From: Amit Kapila <amit(dot)kapila16(at)gmail(dot)com>
To: Peter Smith <smithpb2250(at)gmail(dot)com>
Cc: vignesh C <vignesh21(at)gmail(dot)com>, PostgreSQL Hackers <pgsql-hackers(at)postgresql(dot)org>
Subject: Re: [HACKERS] logical decoding of two-phase transactions
Date: 2021-03-15 03:03:39
Message-ID: CAA4eK1LVEdPYnjdajYzu3k6KEii1+F0jdQ6sWnYugiHcSGZD6Q@mail.gmail.com
Views: Raw Message | Whole Thread | Download mbox | Resend email
Thread:
Lists: pgsql-hackers

On Fri, Mar 12, 2021 at 2:09 PM Peter Smith <smithpb2250(at)gmail(dot)com> wrote:
>
> Please find attached the latest patch set v58*
>

In this patch-series, I see a problem with synchronous replication
when GUC 'synchronous_standby_names' is configured to use subscriber.
This will allow Prepares and Commits to wait for the subscriber to
finish.
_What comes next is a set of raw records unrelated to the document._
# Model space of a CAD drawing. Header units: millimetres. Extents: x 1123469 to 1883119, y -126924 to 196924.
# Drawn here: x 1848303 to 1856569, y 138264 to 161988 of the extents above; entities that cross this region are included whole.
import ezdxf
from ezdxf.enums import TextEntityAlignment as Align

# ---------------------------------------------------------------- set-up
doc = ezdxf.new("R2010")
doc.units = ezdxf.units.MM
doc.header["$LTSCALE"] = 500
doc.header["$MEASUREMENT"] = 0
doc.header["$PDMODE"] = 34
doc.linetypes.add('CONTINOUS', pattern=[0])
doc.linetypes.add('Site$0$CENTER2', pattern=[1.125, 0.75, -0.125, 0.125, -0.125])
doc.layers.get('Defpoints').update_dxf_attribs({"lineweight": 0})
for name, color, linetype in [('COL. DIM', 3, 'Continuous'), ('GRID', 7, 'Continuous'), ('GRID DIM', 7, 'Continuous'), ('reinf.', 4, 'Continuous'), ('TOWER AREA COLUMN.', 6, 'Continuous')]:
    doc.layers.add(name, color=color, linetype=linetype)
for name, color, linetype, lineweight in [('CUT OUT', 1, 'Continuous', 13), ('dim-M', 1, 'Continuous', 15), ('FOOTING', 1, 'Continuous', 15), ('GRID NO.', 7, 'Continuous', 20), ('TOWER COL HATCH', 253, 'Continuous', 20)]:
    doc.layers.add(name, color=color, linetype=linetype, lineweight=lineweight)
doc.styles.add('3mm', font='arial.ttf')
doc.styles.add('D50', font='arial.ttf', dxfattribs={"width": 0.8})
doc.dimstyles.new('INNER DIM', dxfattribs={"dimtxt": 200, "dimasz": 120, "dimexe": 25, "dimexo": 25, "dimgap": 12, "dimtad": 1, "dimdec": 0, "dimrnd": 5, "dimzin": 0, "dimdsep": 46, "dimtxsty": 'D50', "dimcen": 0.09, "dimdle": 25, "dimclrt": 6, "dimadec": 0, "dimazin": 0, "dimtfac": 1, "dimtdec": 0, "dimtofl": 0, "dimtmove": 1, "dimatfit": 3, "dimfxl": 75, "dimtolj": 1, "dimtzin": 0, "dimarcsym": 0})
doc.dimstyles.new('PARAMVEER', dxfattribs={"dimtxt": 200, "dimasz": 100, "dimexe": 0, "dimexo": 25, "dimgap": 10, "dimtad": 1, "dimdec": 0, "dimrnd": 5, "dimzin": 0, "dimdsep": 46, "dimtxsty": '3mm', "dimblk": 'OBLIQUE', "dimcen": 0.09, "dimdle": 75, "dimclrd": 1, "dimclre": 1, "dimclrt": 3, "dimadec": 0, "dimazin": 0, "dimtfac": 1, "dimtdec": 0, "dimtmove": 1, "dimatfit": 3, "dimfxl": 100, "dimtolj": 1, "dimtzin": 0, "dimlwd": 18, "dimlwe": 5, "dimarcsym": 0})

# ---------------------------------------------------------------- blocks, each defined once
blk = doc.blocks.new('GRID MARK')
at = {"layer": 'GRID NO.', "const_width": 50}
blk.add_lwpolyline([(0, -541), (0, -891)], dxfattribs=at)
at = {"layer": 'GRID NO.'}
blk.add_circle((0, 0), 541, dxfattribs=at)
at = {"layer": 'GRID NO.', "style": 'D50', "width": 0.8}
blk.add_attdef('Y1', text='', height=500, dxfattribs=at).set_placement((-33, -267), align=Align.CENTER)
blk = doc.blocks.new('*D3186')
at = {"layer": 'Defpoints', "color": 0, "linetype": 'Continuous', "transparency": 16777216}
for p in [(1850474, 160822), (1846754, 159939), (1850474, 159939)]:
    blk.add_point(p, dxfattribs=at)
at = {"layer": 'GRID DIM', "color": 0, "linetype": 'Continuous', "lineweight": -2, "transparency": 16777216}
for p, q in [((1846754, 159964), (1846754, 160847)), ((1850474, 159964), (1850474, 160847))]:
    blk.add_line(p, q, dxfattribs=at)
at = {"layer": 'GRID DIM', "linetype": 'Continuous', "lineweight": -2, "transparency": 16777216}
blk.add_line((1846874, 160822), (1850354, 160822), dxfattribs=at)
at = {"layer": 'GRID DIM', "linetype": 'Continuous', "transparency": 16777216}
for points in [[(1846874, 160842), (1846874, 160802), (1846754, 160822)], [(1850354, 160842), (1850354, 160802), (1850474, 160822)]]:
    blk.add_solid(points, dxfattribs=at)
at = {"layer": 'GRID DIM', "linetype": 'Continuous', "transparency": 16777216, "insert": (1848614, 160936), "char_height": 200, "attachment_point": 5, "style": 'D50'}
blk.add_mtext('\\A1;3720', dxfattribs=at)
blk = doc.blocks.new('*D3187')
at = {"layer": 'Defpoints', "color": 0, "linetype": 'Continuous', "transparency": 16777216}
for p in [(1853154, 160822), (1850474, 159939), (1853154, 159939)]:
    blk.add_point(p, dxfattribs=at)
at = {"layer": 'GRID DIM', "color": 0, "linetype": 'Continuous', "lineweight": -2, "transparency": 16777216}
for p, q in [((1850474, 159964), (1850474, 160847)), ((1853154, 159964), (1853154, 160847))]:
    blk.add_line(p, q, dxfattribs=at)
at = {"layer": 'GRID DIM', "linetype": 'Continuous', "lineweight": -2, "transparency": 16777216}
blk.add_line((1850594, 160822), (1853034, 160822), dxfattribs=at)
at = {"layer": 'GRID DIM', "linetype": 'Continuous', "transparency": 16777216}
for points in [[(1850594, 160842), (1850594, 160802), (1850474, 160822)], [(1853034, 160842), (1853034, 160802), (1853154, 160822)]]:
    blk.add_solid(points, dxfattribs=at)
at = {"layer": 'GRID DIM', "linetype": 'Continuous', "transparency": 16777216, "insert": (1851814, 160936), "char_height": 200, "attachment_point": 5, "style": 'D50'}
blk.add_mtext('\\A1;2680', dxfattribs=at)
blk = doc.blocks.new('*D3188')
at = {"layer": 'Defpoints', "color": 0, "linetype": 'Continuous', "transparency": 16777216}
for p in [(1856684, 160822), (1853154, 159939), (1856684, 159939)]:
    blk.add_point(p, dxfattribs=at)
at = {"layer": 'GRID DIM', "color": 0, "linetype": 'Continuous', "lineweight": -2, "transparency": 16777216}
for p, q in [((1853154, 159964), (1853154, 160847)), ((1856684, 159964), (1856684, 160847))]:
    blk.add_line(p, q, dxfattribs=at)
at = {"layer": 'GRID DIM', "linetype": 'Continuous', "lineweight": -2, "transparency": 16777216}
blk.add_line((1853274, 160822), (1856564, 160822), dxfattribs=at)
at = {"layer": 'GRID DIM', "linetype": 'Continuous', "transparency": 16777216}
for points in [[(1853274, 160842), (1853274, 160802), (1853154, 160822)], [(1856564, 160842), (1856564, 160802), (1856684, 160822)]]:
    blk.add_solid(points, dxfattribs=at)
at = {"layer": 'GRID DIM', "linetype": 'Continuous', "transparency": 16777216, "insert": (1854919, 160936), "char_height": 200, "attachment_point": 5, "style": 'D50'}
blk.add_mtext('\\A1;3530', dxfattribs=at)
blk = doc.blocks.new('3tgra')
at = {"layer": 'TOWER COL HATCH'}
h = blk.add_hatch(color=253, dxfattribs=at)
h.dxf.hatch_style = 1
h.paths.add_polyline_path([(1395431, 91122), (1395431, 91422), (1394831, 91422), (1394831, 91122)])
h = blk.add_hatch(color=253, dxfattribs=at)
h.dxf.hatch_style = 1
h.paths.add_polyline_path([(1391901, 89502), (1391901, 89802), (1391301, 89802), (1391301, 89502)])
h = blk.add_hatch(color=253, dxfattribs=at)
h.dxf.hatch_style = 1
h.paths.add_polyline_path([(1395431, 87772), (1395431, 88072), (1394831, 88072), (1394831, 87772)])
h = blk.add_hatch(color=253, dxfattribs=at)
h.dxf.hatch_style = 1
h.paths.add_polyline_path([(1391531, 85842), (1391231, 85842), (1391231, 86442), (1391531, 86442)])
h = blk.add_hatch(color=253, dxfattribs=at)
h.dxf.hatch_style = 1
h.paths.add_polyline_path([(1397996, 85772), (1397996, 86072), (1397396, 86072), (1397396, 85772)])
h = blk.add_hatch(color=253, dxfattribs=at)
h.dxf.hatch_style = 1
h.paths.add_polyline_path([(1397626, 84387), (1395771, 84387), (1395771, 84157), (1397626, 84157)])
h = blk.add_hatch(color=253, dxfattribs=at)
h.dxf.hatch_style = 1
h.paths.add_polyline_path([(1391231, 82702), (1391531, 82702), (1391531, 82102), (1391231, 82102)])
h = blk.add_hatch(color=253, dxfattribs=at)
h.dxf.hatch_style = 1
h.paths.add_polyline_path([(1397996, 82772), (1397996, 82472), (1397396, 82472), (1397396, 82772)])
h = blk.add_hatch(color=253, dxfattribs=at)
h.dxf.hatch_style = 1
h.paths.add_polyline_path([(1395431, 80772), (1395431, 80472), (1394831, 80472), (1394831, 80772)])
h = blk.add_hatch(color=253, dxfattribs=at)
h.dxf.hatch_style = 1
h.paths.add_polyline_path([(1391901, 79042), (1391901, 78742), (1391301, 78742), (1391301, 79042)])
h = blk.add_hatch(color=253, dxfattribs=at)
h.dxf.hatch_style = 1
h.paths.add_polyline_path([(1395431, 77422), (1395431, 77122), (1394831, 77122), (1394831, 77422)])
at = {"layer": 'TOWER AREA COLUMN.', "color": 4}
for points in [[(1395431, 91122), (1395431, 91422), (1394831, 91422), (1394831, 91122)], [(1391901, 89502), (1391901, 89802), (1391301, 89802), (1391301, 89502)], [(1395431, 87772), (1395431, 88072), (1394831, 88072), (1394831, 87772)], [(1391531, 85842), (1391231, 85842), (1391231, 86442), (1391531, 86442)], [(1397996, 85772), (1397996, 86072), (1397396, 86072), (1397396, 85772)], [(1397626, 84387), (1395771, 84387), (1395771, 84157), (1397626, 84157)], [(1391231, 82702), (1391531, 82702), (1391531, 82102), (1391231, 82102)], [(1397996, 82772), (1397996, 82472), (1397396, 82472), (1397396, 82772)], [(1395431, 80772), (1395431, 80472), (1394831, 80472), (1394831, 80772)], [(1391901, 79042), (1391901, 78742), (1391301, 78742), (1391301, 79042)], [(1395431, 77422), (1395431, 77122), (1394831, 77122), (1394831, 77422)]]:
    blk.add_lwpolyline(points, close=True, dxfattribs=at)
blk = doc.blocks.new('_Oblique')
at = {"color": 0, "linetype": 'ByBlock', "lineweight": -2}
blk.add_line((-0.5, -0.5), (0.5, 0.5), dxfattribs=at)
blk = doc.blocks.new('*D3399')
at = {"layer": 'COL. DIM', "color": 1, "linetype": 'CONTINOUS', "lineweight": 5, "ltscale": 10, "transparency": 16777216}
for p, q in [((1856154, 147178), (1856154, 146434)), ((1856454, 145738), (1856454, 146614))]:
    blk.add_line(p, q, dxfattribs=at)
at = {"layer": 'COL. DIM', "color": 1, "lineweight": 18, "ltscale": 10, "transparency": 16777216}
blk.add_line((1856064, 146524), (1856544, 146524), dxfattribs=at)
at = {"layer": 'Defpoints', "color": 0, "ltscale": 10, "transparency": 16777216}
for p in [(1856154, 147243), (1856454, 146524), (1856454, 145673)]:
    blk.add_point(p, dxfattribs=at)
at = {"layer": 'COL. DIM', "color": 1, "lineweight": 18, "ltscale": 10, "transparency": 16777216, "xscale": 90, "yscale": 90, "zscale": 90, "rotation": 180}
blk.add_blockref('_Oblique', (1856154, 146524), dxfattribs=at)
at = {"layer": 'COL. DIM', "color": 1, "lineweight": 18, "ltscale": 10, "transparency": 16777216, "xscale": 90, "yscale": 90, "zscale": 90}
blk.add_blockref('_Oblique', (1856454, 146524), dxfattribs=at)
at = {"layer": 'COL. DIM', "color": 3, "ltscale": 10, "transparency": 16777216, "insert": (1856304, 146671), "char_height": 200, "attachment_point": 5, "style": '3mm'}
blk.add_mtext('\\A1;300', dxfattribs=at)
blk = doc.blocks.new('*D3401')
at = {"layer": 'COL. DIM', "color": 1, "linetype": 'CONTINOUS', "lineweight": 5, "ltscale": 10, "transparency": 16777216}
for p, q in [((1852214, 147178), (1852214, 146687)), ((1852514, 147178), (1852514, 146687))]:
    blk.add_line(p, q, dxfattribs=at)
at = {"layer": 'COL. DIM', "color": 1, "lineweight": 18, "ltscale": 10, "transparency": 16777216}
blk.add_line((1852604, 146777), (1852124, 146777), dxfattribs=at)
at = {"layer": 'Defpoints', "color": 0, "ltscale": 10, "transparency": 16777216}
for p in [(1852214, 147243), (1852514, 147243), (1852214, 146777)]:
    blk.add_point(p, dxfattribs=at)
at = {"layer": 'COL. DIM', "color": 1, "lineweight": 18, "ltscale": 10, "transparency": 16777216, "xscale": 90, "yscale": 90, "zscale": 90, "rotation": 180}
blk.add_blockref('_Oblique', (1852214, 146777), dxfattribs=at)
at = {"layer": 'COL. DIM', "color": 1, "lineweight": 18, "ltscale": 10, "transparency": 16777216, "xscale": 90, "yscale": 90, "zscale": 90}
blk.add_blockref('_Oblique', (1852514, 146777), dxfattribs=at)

Before this patch, we never send prepare as two-phase was not
enabled by a subscriber, so it won't wait for it, rather it will make
progress because we send keep_alive messages. But after this patch, it
will start waiting for Prepare to finish. Now, without spool-file
logic, it will work because prepares are decoded on subscriber and a
corresponding ack will be sent to a publisher but for the spool-file
case, we will wait for Publisher to send commit prepared and in
publisher prepare is not finished because we are waiting for its ack.
So, it will create a sort of deadlock. This is related to the problem
as mentioned in the below comments in the patch:
+ * A future release may be able to detect when all tables are READY and set
+ * a flag to indicate this subscription/slot is ready for two_phase
+ * decoding. Then at the publisher-side, we could enable wait-for-prepares
+ * only when all the slots of WALSender have that flag set.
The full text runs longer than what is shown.